We have been working on ways to increase savings for emergencies (so people don’t have to go to payday lenders) and to reach short- and long-term goals. One of the problems this program would help solve is that 46% of Americans do not have enough money to cover a $400 expense.
In 2015, working with Rep. Johnson from Dallas, we were successful with the Texas Legislature approving legislation allowing financial institutions to offer prize-linked savings accounts. Unfortunately, it was vetoed by Governor Abbott saying that it would require a change to the Texas Constitution, which generally prohibits the Legislature from authorizing lotteries.
Again in 2017 a similar bill passed through the Legislature with strong bipartisan support (all Austin legislators voted yes). The bill supporting a constitutional amendment allowing prize-linked savings also passed the Legislature. Both bills were approved by the governor leading to Proposition 7 on the ballot.
It is terribly disappointing that the
Chronicle is against Proposition 7 based on simply not wanting to change the constitution. We did not have any other option to make this product available for Texans.
Nationally as of 2017, 25 states allow prize-linked savings. From 2009-2016, over 75,000 accountholders saved over $175 million, and over 80% of accountholders are financially vulnerable.
I would have expected
The Austin Chronicle to better understand the need for this important policy change.
Woody Widrow
RECEIVED Thu., Oct. 26, 2017
Dear Editor,
I get the impression that one of Mary Tuma's goals as a journalist is to see how many times she can work the phrase "anti-choice" into the pages of the
Chronicle [see the
War on Women's Health page]. Speaking as a pro-choice person, it's just cheap. And it's needlessly divisive and caustic. Certainly Tuma's predecessors at the
Chronicle like Jordan Smith and Lauri Apple didn't see a need to beat their readers over the head with their opinions, being more likely to use the just-as-accurate phrase "anti-abortion" instead.

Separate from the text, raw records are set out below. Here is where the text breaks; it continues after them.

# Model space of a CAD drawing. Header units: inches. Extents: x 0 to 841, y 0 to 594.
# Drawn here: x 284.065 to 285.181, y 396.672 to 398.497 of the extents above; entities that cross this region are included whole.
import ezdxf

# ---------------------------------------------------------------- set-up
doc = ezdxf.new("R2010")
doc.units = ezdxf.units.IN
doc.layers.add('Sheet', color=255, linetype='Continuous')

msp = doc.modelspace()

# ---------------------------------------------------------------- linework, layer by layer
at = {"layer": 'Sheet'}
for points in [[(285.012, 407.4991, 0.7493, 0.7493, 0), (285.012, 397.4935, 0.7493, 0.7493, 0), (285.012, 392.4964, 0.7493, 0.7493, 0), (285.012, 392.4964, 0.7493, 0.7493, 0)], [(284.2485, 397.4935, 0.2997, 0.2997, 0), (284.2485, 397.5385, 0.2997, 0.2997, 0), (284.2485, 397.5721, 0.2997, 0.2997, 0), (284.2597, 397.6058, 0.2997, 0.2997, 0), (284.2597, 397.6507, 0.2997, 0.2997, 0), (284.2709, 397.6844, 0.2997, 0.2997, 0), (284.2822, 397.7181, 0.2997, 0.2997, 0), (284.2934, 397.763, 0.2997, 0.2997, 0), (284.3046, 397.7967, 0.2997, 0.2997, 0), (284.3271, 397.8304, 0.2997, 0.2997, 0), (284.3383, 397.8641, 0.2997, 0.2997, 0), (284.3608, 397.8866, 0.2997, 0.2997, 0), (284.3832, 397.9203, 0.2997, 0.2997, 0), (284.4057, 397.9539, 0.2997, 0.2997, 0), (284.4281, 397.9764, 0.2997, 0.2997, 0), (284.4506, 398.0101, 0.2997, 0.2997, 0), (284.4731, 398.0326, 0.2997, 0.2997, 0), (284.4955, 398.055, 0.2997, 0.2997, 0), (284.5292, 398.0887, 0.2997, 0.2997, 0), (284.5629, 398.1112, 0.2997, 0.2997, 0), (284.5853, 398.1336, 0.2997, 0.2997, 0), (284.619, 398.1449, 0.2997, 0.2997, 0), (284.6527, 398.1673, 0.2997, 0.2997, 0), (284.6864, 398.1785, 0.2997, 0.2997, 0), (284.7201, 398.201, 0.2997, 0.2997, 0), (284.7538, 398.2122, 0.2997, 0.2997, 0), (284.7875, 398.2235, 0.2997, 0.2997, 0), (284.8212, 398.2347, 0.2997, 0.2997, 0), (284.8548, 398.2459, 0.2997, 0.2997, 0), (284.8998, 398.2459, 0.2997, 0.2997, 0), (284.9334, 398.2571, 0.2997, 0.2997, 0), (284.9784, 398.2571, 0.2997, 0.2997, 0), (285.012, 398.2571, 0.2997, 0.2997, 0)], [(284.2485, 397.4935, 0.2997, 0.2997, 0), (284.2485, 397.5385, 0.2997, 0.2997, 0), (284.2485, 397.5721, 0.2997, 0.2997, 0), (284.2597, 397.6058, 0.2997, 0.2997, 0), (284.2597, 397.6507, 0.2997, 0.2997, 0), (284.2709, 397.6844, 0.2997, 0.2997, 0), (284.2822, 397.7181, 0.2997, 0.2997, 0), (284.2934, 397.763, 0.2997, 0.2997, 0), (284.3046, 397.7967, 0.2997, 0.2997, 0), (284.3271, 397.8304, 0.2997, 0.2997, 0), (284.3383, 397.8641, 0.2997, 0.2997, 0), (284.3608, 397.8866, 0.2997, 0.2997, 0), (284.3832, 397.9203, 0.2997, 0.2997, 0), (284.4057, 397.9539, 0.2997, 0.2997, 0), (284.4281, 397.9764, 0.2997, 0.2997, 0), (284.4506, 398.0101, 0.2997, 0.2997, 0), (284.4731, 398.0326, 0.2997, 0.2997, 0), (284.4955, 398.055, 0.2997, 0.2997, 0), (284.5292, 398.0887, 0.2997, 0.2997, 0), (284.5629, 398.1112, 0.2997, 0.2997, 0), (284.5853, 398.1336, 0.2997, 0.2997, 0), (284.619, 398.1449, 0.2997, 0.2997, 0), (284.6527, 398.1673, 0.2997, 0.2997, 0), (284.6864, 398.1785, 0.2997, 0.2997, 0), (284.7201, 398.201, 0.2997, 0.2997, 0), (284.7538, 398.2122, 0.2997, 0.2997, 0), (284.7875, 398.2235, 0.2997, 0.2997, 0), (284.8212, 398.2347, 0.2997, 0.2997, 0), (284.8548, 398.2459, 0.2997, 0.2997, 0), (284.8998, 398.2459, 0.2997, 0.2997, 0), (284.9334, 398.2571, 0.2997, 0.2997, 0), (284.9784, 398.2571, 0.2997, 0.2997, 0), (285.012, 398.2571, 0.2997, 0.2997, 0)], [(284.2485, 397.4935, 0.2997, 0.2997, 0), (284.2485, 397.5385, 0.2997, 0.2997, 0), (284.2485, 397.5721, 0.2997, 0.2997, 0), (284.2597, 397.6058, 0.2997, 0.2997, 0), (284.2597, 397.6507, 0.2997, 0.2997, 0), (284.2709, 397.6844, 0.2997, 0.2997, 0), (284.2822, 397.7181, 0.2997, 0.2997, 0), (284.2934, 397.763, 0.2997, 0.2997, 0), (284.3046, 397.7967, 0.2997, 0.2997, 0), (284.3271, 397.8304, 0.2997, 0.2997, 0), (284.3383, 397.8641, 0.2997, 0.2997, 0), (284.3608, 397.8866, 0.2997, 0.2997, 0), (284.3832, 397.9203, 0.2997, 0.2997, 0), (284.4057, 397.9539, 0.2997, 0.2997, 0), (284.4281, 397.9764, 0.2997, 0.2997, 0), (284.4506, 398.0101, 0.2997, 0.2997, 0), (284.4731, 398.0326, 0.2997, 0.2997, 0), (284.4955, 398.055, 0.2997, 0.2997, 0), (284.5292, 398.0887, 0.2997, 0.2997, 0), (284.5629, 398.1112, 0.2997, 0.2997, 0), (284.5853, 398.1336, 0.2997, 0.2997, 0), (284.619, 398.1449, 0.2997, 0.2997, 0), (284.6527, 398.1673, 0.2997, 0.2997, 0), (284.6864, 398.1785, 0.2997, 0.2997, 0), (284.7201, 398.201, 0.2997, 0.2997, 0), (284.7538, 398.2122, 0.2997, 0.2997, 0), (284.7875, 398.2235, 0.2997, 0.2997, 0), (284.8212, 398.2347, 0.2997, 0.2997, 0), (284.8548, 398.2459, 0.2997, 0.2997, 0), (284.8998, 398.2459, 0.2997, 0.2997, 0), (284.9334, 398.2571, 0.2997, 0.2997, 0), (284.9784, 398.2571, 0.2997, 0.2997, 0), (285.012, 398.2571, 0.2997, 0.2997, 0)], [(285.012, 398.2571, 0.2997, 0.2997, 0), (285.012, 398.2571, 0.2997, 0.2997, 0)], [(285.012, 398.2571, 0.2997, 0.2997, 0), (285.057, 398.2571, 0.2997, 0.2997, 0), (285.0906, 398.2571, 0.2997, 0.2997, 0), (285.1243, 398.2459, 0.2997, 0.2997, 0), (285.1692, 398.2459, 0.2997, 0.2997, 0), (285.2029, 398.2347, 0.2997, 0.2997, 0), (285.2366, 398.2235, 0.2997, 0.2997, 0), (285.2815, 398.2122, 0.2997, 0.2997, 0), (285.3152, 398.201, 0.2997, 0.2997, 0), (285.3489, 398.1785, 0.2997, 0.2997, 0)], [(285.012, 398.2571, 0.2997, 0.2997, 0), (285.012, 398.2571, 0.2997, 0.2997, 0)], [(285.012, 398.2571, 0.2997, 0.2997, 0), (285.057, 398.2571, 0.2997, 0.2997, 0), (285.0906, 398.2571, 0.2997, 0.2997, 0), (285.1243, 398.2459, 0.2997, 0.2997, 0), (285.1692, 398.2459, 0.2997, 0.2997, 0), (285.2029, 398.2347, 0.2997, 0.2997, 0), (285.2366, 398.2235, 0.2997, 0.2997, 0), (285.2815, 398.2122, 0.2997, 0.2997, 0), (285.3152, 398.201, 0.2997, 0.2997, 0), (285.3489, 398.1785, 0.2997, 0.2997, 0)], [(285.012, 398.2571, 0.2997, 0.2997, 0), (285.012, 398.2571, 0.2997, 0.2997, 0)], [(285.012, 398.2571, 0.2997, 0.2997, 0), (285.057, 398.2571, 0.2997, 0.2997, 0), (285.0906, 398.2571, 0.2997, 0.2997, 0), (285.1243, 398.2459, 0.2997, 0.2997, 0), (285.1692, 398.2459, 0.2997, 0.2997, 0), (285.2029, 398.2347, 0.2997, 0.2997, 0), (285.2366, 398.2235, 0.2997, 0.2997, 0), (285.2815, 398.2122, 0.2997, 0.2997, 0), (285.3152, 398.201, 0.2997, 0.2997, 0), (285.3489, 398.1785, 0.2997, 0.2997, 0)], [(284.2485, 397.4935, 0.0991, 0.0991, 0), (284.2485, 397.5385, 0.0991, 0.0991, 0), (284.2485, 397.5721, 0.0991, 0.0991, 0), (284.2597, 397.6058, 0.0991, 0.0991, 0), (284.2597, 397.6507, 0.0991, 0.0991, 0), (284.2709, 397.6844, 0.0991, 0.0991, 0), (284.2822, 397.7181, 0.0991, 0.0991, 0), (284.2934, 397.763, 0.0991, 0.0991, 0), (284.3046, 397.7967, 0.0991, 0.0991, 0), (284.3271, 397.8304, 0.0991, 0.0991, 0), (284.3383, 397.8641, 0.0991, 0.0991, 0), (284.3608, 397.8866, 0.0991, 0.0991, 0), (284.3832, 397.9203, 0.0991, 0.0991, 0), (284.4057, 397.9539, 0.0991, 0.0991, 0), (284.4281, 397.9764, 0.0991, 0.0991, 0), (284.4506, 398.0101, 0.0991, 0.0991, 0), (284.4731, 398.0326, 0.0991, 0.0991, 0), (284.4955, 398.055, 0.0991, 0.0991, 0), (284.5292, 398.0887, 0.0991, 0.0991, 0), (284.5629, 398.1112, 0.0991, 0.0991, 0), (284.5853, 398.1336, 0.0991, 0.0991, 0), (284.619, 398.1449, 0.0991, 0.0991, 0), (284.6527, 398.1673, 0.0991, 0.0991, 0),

If a person or group is doing something questionable, that'll be obvious enough if you simply lay out the facts. Tuma's choice (no pun intended) of phrase either bespeaks an insecurity that the reader might not "get it," or else she feels a need to disparage her opponents in a very non-journalistic way.
Michael Bluejay
[Staff writer Mary Tuma responds: My goal is to shine a light on the attacks toward women’s health care, not encourage divisiveness. To the claim that “anti-choice” is “just as accurate” as “anti-abortion”: I consciously and deliberately employ the term “anti-choice” to signify the fact that those who advocate against abortion are also advocating more broadly against a woman’s right to choose what’s best for her body when it comes to reproductive health care in general, and thus, her quality of life and her future. The term “anti-choice” is not meant to be “caustic” as Mr. Bluejay asserts, but to reinforce the reality that lawmakers are not just restricting abortion but women’s bodily autonomy.
Perhaps Mr. Bluejay would be better served directing his media criticism to the many mainstream news reporters who continue to use the phrase “pro-life” when describing the anti-abortion camp, a far more “divisive” and misleading rhetorical term, considering their lack of empathy for survivors of rape, incest, and life-threatening pregnancy complications when crafting and supporting abortion laws.]